### DESCRIPTION OF THE TASK
Exclude all pictures, then write out exactly the lines below from the first one through the line with "doc.units = ezdxf.units.MM".

### INFORMATION SUPPLIED

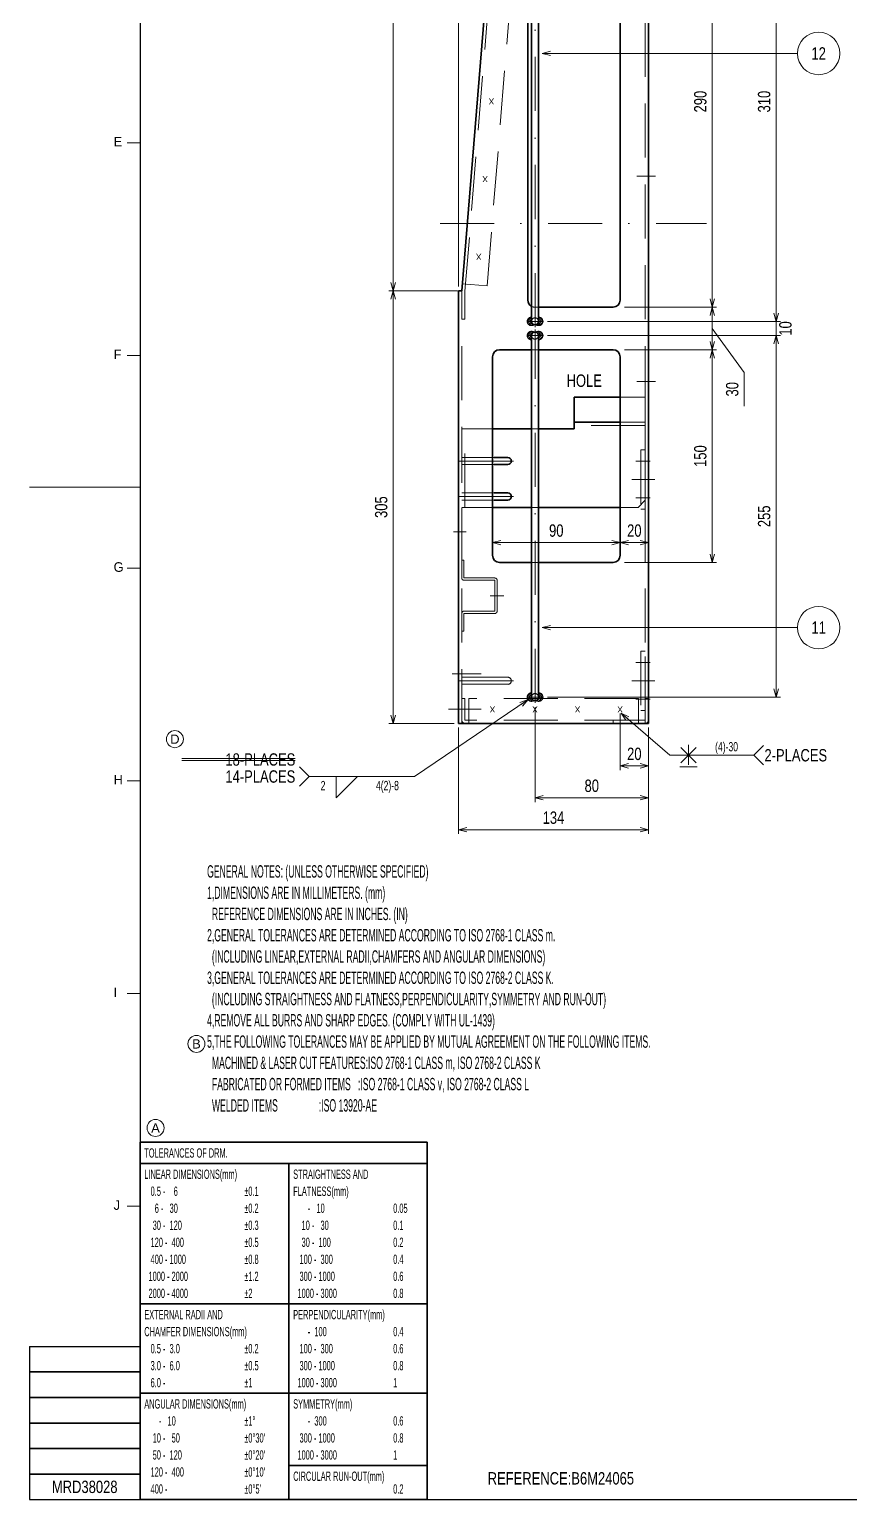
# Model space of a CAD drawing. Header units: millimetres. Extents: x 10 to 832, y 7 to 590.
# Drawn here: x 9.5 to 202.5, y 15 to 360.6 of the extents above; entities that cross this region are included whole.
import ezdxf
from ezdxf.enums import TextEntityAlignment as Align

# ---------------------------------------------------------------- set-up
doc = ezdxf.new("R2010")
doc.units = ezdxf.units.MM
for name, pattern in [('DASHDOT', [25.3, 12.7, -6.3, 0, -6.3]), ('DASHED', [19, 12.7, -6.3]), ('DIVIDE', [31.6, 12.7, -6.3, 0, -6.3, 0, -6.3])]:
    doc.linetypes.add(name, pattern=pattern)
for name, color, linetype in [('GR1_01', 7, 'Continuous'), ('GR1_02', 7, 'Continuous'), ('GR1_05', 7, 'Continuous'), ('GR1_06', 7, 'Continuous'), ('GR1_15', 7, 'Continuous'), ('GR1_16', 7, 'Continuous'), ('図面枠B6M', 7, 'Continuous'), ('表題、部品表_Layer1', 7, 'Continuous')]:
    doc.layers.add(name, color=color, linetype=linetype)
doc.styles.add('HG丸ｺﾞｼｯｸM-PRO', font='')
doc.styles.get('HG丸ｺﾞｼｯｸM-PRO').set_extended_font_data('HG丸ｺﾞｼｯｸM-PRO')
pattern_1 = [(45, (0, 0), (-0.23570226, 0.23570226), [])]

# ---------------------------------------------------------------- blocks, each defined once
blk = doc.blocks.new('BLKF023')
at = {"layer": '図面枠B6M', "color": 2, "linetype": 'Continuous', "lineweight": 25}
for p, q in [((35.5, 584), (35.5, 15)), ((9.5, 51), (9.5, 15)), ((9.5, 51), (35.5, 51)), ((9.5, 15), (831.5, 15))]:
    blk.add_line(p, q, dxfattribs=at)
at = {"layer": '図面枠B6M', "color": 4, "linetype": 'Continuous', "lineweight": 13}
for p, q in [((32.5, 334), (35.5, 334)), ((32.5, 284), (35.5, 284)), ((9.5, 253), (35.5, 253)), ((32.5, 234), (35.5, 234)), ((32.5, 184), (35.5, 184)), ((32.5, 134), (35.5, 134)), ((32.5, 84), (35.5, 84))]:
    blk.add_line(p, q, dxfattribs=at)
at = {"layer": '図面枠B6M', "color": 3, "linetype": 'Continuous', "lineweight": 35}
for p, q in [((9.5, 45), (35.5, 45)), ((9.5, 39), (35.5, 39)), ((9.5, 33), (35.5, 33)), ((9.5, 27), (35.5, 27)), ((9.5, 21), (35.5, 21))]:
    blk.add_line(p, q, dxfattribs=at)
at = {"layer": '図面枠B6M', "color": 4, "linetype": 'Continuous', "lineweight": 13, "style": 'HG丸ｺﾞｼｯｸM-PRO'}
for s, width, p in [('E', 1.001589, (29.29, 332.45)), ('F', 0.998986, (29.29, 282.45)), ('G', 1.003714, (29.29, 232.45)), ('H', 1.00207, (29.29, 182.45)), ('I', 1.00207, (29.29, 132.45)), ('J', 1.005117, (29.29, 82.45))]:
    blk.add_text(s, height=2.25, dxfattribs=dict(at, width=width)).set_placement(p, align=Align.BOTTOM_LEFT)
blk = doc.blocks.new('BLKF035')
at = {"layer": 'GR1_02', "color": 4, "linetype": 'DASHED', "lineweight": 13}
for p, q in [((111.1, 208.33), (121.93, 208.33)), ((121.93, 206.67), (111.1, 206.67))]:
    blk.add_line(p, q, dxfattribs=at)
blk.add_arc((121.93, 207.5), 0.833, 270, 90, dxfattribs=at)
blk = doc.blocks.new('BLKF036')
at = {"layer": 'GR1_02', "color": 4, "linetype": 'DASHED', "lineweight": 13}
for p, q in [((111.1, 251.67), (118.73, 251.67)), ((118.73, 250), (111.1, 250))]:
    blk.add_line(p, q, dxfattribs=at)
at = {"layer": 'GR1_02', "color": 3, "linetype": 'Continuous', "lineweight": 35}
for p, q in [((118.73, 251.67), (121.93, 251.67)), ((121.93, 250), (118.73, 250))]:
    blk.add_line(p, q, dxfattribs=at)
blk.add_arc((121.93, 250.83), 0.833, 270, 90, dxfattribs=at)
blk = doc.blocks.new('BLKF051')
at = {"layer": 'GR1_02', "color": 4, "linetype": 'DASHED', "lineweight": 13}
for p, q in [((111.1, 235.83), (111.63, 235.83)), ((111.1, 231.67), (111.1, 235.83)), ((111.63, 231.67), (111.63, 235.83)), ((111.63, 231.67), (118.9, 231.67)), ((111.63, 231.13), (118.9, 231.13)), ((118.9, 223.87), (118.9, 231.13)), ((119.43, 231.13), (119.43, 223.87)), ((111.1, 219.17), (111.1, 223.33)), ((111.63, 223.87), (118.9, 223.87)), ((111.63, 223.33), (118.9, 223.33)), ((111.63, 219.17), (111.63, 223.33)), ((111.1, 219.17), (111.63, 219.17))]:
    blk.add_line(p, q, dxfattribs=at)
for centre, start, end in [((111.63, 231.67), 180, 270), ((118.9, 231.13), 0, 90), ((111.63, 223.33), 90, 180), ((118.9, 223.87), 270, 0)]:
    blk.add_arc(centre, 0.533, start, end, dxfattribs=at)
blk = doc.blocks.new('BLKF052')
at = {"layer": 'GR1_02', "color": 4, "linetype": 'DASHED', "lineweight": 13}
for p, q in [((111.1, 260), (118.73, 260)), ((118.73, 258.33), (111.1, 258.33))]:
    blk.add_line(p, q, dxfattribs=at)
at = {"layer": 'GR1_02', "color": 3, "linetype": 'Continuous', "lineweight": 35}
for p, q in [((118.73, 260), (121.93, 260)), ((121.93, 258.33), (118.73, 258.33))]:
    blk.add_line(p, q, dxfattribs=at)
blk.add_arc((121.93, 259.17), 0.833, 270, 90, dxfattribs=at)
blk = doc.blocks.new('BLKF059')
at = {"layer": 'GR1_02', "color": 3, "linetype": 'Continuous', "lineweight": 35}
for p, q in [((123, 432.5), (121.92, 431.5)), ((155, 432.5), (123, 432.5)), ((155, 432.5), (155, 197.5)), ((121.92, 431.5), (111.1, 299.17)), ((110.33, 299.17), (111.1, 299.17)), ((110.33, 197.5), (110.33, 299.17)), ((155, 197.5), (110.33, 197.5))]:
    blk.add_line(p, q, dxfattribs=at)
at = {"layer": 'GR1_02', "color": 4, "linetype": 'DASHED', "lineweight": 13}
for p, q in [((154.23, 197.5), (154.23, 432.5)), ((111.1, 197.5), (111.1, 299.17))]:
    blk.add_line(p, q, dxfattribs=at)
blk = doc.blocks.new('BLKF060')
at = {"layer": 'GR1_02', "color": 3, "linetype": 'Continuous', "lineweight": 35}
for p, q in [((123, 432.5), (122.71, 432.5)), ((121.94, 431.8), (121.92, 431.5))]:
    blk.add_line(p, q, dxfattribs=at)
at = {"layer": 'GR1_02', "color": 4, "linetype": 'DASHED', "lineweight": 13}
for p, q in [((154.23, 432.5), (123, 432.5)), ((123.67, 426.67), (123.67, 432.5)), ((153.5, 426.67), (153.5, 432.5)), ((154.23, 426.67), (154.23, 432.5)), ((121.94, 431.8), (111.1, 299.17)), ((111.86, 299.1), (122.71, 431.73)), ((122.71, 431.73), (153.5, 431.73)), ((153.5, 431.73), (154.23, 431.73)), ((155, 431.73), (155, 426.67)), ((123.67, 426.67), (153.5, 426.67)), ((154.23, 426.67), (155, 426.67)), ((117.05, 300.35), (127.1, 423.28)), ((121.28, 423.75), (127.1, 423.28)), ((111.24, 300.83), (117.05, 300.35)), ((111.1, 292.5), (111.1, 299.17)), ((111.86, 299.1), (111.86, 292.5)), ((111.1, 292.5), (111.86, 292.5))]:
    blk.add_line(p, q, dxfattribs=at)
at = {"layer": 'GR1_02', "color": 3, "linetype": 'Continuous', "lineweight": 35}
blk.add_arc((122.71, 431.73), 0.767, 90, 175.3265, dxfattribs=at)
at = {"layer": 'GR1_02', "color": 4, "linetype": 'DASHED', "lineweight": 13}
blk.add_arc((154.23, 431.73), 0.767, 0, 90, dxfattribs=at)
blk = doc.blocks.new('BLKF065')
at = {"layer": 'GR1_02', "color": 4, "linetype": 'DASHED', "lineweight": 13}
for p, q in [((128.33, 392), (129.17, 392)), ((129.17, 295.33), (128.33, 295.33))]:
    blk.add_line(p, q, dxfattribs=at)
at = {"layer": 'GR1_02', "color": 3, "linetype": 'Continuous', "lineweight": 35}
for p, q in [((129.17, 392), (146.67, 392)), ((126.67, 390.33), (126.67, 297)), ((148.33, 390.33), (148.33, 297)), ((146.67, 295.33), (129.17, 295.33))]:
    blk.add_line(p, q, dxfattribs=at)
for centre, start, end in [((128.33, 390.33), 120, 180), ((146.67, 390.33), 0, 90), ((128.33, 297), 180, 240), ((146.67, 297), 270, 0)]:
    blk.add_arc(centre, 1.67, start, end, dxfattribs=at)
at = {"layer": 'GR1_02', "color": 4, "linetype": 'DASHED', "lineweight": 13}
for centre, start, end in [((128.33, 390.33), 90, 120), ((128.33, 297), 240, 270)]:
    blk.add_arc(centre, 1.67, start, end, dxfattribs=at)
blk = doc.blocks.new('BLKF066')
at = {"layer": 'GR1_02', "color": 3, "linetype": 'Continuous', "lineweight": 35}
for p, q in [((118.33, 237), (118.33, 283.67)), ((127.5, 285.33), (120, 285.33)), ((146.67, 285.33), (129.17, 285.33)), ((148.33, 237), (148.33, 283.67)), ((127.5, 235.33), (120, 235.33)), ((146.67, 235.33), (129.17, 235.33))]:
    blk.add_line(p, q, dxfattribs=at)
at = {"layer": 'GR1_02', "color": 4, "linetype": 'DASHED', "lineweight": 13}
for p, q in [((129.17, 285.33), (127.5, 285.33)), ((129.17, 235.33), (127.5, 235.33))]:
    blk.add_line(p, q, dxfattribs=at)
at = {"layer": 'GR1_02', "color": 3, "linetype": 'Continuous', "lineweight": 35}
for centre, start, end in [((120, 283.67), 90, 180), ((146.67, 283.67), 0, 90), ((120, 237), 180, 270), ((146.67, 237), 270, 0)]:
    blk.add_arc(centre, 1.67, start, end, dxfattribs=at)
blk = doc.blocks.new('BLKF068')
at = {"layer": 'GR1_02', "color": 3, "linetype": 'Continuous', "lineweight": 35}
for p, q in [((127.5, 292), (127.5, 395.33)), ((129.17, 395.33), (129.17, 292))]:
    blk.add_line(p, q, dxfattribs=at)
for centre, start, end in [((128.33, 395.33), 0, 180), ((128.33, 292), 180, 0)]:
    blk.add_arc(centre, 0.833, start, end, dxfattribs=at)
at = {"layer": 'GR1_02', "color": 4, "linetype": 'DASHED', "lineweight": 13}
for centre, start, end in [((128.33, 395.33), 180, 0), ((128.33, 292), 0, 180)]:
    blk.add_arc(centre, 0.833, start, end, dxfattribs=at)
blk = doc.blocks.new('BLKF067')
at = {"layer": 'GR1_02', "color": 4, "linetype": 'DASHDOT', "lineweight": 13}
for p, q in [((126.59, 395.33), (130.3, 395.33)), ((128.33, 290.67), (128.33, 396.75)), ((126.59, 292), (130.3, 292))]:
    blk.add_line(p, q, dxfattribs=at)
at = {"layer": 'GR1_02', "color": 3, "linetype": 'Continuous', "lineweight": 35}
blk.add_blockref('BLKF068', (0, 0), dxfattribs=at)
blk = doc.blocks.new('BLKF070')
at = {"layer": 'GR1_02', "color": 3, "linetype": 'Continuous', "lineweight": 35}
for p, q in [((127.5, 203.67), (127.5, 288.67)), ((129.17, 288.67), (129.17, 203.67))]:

### ANSWER FOR THE TASK
# Model space of a CAD drawing. Header units: millimetres. Extents: x 10 to 832, y 7 to 590.
# Drawn here: x 9.5 to 202.5, y 15 to 360.6 of the extents above; entities that cross this region are included whole.
import ezdxf
from ezdxf.enums import TextEntityAlignment as Align

# ---------------------------------------------------------------- set-up
doc = ezdxf.new("R2010")
doc.units = ezdxf.units.MM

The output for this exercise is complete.